(Extracted data entries)
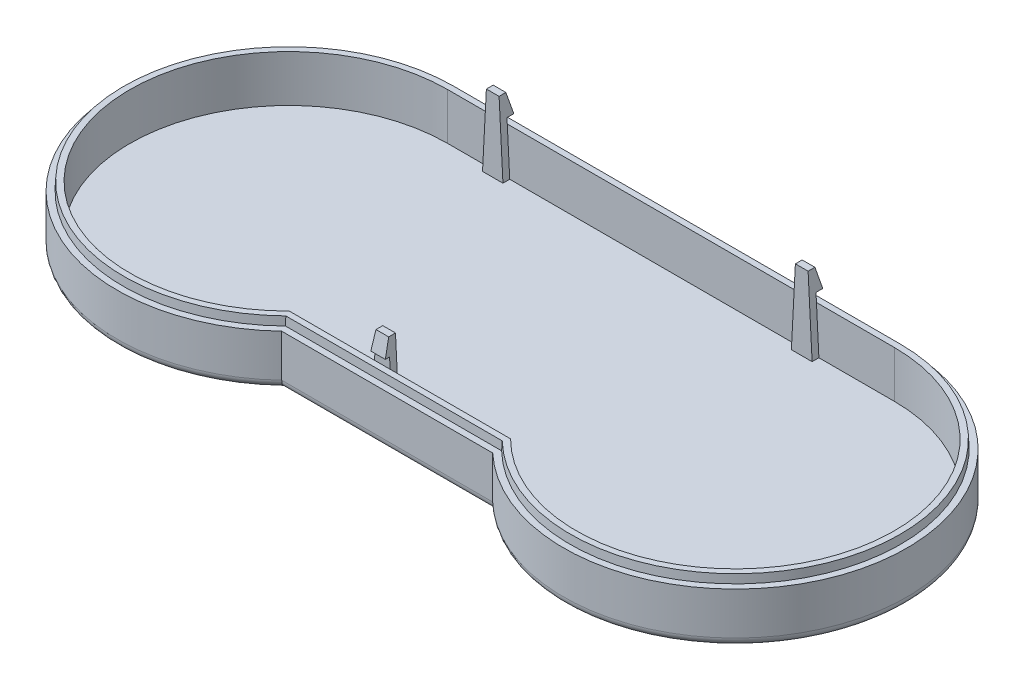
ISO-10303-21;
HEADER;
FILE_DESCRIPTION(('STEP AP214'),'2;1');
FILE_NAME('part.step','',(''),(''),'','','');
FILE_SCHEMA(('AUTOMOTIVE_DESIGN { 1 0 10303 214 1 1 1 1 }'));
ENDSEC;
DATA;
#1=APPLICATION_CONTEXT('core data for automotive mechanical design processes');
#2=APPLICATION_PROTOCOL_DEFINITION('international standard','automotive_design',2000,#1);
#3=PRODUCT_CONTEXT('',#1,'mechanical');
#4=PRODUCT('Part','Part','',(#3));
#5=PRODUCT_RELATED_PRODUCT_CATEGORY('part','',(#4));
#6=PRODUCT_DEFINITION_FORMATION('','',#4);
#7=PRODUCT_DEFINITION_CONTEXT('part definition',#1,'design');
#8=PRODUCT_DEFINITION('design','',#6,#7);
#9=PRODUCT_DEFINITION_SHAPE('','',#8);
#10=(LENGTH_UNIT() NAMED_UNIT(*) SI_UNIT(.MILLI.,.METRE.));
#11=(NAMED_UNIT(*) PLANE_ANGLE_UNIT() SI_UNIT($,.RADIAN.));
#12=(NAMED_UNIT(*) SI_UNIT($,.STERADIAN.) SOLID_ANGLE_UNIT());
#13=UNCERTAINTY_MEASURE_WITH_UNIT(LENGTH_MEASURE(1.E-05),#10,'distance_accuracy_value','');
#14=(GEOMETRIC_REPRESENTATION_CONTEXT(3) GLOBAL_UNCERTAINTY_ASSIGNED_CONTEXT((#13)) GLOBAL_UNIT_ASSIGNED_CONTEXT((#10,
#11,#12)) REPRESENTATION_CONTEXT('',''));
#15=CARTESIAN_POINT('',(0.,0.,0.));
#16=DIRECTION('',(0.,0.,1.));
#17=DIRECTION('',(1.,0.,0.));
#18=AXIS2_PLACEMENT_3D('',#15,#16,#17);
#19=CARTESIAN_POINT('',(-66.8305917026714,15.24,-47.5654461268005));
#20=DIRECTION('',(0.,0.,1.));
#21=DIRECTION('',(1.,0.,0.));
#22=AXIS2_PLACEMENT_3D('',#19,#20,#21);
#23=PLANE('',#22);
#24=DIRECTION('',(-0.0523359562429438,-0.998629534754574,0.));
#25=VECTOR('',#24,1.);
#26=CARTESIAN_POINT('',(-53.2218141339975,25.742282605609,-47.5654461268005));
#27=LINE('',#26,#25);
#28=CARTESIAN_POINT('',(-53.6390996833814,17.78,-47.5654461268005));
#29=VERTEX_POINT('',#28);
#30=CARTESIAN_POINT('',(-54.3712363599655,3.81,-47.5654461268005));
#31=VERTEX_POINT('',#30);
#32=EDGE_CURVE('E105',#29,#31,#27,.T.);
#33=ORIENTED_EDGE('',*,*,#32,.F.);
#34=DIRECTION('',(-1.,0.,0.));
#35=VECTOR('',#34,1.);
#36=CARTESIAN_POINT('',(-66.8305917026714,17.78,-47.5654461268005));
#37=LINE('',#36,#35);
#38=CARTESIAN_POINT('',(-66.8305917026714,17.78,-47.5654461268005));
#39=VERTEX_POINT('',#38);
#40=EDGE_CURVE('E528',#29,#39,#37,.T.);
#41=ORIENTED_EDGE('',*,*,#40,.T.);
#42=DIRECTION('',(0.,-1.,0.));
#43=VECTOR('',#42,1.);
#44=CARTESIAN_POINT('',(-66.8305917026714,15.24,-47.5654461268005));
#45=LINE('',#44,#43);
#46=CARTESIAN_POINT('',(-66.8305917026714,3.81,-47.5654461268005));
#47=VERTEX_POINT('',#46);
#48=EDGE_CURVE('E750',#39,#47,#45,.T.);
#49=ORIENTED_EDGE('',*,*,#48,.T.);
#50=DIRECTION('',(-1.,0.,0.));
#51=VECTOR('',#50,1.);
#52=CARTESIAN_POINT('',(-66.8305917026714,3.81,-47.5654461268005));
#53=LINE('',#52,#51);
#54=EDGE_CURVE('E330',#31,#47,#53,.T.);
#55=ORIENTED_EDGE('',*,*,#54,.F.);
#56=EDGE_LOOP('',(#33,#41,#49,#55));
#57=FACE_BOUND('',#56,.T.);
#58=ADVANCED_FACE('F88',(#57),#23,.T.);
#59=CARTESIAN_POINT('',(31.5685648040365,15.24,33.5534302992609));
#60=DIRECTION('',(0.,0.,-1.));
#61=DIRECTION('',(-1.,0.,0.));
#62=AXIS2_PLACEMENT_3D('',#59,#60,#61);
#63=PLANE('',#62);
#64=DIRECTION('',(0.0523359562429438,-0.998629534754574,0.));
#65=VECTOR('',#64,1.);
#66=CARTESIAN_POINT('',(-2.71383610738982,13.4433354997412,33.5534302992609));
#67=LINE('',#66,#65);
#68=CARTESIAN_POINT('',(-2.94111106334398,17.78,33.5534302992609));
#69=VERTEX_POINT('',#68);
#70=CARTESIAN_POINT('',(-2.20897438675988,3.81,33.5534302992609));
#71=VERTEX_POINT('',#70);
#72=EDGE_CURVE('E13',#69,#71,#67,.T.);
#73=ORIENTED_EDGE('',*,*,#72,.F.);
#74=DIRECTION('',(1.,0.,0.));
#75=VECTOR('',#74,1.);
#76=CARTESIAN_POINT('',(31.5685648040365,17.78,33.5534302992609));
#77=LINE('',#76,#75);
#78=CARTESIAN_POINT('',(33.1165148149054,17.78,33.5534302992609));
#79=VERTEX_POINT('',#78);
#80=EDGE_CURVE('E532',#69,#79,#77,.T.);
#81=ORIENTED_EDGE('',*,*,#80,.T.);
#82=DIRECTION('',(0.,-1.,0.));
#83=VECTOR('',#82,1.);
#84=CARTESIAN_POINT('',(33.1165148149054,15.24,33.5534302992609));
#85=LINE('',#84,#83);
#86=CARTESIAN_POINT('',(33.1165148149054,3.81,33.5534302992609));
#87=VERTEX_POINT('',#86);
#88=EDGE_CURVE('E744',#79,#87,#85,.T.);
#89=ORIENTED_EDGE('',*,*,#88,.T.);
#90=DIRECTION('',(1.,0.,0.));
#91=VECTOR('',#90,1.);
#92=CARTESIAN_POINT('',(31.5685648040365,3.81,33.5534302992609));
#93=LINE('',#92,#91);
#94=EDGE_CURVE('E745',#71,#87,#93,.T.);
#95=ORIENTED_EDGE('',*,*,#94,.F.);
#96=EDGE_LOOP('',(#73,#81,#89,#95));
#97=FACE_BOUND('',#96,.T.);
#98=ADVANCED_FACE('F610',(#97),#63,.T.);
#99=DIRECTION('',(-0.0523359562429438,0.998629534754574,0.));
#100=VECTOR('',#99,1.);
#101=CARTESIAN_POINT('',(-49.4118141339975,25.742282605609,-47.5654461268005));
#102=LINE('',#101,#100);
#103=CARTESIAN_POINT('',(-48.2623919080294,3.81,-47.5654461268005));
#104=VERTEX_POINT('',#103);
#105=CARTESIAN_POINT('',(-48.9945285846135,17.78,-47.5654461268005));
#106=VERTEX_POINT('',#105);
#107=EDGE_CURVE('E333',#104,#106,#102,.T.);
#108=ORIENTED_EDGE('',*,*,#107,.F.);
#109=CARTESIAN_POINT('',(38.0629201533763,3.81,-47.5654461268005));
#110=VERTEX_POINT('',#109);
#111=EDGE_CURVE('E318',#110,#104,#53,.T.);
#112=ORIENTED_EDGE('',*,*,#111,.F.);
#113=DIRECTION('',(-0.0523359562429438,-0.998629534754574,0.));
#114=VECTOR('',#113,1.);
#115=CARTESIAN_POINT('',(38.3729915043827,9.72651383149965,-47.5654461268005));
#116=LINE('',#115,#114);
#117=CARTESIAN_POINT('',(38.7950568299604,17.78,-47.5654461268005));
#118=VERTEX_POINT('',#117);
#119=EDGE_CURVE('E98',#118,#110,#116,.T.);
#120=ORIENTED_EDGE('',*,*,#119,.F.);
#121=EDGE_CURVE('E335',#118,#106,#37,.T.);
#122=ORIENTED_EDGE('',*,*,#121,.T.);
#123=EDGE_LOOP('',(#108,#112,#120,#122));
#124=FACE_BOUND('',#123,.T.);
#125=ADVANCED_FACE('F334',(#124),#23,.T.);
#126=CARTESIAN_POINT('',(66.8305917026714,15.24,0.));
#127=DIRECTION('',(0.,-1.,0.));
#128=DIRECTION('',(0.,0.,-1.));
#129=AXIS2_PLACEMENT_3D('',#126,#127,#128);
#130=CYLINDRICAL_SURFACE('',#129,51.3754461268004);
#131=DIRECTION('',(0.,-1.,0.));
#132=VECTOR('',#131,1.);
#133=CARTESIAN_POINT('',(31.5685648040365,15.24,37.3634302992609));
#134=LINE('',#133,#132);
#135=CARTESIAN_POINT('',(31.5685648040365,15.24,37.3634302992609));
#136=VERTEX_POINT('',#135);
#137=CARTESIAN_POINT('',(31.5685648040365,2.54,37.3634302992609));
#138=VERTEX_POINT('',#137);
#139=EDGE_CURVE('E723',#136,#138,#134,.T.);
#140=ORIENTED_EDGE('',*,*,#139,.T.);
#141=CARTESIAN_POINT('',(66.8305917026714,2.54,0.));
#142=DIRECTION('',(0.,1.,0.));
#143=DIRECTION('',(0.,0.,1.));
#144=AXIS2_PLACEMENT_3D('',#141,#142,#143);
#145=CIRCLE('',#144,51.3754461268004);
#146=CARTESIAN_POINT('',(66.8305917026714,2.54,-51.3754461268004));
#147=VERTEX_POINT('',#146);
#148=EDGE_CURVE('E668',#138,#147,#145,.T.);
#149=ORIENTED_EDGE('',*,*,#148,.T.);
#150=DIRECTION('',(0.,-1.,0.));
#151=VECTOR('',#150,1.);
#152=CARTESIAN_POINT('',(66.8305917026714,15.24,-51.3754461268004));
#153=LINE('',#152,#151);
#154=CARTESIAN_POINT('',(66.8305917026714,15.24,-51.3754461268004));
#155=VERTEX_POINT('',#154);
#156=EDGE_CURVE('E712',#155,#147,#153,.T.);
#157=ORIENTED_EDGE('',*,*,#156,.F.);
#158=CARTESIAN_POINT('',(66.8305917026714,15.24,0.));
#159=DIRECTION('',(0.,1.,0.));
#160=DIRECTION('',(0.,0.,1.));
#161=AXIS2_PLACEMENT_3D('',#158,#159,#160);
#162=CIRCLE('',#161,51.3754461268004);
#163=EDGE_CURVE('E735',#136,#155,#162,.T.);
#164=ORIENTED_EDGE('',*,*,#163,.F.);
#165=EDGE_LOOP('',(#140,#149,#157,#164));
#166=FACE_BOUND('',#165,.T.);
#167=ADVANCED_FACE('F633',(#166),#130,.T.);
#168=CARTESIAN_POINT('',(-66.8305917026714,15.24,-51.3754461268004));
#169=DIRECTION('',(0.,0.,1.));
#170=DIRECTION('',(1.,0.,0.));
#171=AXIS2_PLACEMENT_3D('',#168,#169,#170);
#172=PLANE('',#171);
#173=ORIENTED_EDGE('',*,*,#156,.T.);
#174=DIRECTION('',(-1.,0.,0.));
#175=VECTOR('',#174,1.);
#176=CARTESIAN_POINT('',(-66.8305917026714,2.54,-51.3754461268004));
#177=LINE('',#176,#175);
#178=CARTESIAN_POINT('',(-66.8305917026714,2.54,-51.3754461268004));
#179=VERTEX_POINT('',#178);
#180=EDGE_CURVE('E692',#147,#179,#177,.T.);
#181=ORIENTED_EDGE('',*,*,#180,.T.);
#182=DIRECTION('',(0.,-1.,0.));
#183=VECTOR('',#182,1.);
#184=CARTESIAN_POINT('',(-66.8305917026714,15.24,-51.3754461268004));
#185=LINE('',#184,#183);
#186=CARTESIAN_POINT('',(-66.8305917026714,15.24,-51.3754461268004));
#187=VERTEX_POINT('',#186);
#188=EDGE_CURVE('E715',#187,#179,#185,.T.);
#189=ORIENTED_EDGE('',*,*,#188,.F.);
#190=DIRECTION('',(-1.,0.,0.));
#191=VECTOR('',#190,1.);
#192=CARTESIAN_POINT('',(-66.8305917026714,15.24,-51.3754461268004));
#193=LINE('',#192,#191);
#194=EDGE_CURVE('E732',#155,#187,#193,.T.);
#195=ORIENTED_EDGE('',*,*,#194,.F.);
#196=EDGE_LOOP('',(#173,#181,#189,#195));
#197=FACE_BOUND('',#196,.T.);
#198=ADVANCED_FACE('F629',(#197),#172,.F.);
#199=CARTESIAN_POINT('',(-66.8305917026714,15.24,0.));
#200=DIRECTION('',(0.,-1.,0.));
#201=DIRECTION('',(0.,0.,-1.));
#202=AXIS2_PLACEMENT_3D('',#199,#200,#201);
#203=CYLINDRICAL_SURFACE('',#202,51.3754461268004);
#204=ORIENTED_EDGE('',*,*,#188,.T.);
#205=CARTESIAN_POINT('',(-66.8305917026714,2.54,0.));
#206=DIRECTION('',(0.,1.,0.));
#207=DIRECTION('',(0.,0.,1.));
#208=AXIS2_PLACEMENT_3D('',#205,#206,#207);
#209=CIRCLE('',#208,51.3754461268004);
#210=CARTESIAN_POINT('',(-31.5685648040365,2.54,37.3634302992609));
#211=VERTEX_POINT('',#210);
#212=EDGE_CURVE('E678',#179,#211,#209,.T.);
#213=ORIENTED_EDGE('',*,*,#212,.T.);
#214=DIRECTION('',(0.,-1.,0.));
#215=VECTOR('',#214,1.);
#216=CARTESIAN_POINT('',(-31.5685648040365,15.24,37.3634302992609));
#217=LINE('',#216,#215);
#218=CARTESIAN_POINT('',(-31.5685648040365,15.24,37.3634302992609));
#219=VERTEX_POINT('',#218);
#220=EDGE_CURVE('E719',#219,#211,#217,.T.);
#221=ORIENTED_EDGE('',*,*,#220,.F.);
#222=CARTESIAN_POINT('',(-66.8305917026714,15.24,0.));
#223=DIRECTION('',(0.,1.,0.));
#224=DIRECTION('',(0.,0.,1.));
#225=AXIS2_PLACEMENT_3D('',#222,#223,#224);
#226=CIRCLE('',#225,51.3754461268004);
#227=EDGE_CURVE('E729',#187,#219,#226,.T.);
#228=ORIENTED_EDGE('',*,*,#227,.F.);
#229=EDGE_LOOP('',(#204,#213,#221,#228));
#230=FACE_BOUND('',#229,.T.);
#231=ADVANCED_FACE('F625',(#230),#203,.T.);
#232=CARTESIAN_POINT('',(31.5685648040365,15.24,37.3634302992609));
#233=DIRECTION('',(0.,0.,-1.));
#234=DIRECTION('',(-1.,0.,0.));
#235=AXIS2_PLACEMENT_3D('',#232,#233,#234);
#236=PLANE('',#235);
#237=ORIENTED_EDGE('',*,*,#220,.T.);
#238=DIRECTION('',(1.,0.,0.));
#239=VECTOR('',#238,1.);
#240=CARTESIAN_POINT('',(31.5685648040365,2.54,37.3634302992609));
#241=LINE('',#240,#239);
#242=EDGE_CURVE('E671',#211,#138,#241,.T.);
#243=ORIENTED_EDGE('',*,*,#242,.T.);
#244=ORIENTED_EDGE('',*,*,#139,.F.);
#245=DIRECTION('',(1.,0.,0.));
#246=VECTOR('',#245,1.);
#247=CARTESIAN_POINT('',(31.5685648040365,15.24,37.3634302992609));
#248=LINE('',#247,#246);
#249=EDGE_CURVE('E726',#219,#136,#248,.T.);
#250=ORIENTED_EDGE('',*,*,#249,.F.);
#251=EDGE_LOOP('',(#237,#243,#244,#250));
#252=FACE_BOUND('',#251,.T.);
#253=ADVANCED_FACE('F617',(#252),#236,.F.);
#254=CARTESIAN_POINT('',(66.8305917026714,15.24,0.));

## Task goal
Starting at the line that has "#12=(NAMED_UNIT(*) SI_UNIT($,.STERADIAN.) SOLID_ANGLE_UNIT());" and ending at the line that has "#32=EDGE_CURVE('E105',#29,#31,#27,.T.);", please write out the lines above exactly, leaving out all others.

## Output for this exercise
#12=(NAMED_UNIT(*) SI_UNIT($,.STERADIAN.) SOLID_ANGLE_UNIT());
#13=UNCERTAINTY_MEASURE_WITH_UNIT(LENGTH_MEASURE(1.E-05),#10,'distance_accuracy_value','');
#14=(GEOMETRIC_REPRESENTATION_CONTEXT(3) GLOBAL_UNCERTAINTY_ASSIGNED_CONTEXT((#13)) GLOBAL_UNIT_ASSIGNED_CONTEXT((#10,
#11,#12)) REPRESENTATION_CONTEXT('',''));
#15=CARTESIAN_POINT('',(0.,0.,0.));
#16=DIRECTION('',(0.,0.,1.));
#17=DIRECTION('',(1.,0.,0.));
#18=AXIS2_PLACEMENT_3D('',#15,#16,#17);
#19=CARTESIAN_POINT('',(-66.8305917026714,15.24,-47.5654461268005));
#20=DIRECTION('',(0.,0.,1.));
#21=DIRECTION('',(1.,0.,0.));
#22=AXIS2_PLACEMENT_3D('',#19,#20,#21);
#23=PLANE('',#22);
#24=DIRECTION('',(-0.0523359562429438,-0.998629534754574,0.));
#25=VECTOR('',#24,1.);
#26=CARTESIAN_POINT('',(-53.2218141339975,25.742282605609,-47.5654461268005));
#27=LINE('',#26,#25);
#28=CARTESIAN_POINT('',(-53.6390996833814,17.78,-47.5654461268005));
#29=VERTEX_POINT('',#28);
#30=CARTESIAN_POINT('',(-54.3712363599655,3.81,-47.5654461268005));
#31=VERTEX_POINT('',#30);
#32=EDGE_CURVE('E105',#29,#31,#27,.T.);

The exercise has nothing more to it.